By understanding our behaviour and emotional intelligence we can have a greater awareness of ourselves and others. We are more likely to make deliberate choices when interacting with others to improve communication so that we create stronger, more engaged and more productive relationships.

Our behaviour is influenced by numerous things, including the environment we are in and our perception of things.

Our emotions are influenced by our past, our values and external stimuli. This is when our fight / flight / freeze kicks in. It influences our behaviour and whether we respond or react to any given situation.

When we are meeting up with people we know, like & trust, our emotions are positive and we respond accordingly.

When we are due to go into a meeting of the unknown, our emotions can be less desirable, the adrenaline hormone may start to kick in and we become more reactive than responsive.

When this happens, we often get “blinkers” on.
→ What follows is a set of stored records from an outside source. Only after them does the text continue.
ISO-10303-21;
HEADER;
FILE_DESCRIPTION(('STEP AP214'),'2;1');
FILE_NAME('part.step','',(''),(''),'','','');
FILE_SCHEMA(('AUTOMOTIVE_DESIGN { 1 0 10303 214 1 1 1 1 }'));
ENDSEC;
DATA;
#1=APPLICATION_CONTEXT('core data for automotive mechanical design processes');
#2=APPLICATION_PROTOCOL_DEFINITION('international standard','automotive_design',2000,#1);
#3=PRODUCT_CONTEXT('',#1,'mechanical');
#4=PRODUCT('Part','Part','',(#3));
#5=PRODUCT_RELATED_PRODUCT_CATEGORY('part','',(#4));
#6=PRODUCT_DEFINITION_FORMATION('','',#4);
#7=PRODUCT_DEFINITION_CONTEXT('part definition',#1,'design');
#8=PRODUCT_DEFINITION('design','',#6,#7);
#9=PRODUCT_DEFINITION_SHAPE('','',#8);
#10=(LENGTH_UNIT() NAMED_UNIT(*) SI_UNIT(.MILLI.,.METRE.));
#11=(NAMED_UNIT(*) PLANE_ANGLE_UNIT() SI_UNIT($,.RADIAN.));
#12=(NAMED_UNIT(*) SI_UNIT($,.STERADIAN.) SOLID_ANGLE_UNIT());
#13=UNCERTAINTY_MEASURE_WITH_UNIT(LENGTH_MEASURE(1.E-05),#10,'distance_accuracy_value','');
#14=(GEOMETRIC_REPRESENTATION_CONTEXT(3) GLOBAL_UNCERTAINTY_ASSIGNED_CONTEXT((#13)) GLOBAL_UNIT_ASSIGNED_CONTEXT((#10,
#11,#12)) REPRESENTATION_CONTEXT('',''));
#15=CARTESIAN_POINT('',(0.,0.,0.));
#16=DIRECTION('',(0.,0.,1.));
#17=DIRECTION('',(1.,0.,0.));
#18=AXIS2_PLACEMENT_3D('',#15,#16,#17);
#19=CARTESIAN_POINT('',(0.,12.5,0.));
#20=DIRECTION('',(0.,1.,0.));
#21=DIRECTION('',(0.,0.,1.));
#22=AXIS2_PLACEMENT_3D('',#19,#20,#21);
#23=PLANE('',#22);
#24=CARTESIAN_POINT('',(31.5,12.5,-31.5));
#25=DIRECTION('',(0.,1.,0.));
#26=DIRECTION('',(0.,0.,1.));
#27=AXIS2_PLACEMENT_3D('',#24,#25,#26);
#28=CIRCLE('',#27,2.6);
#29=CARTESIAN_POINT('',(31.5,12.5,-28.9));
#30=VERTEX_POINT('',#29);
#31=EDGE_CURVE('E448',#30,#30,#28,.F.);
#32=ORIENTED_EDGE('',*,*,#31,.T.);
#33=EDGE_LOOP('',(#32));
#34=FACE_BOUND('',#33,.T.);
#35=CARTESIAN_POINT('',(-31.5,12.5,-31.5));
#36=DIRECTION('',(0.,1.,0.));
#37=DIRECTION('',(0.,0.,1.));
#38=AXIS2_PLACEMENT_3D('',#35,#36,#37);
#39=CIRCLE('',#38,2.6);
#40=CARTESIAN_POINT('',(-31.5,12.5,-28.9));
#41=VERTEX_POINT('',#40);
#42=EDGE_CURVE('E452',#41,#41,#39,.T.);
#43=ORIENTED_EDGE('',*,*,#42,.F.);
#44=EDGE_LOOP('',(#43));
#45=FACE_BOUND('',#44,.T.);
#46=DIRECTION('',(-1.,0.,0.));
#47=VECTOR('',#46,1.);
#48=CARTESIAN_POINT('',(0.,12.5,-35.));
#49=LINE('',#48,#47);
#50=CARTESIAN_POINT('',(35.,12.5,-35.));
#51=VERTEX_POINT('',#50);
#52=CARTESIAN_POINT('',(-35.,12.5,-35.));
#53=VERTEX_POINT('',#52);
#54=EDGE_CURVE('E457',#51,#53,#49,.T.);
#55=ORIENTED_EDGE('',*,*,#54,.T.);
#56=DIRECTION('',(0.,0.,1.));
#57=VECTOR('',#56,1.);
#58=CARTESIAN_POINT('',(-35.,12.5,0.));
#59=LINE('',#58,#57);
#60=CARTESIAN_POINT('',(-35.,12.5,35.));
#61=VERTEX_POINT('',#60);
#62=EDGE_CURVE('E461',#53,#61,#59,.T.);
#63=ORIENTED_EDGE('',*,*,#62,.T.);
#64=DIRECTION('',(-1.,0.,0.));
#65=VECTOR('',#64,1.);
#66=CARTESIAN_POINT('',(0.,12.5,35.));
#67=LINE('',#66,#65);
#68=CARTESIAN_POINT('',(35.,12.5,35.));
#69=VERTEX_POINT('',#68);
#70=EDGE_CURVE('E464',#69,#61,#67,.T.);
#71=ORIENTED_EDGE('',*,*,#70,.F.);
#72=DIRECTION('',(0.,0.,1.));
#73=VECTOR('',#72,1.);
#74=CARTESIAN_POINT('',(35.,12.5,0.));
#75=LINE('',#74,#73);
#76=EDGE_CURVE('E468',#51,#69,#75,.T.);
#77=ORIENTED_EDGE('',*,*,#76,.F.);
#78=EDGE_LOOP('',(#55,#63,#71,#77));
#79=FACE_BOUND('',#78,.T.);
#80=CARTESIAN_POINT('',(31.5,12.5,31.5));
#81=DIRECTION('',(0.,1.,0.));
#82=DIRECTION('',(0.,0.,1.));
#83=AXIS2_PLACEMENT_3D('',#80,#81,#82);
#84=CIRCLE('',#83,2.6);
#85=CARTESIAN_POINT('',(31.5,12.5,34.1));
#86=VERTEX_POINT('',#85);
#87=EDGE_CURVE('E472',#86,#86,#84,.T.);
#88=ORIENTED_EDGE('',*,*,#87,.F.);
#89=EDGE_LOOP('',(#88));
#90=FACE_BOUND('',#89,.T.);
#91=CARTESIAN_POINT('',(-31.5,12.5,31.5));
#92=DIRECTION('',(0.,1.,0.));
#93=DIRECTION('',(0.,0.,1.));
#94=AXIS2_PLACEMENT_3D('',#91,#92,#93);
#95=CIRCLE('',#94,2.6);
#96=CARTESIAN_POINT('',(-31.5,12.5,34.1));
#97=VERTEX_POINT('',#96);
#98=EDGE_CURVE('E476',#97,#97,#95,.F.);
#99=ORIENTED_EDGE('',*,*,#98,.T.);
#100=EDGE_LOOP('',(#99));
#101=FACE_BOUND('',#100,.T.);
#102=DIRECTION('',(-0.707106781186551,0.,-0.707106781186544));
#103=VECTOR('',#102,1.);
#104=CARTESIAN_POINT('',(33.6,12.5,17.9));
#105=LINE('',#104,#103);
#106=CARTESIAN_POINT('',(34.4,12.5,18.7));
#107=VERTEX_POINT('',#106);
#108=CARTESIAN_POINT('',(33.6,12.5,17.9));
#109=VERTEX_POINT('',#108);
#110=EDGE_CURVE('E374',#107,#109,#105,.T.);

We become less likely to be open to seeing things from a different perspective and a cycle of conflict can follow – it may be internal (with self) or external (with others).

If we respond to someone else’s reaction, with empathy and respect, we may be on the receiving end of a comment such as: “I know that’s what I said, but that’s not what I meant.”  This is because when we are in reactive mode, we use our emotional brain, not our logical brain.  Whilst it seems like a cliche, it is often true and that person is, in their own way, being vulnerable with you.

By asking a few open ended (there’s a big key!), questions, we can ascertain what they actually did mean and are in a much favourable position to help them.

To help break down some of the communication barriers, this blog features words that crop up regularly in my workshops combined with some structure / tools to help you elicit engaging conversations. (Updated monthly)


Frustration is such a common emotion and often we assume that we know what someone is frustrated at.

Here are some workplace considerations, from clients who expressed “frustrated” as one of their undesired emotions that they were experiencing:

  • Insufficient instructions or communication on expectations
  • Not being listened to
  • Constantly fixing other people’s errors
  • Equipment faults
  • Supply delays
  • Instructions keep changing
  • Environmental issues
  • Personality clashes
  • Workload too much (or not enough)
  • Lack of direction

It may even help to view this as an opportunity for growth and improvement in your business, from someone in the operational area, not as a complaint.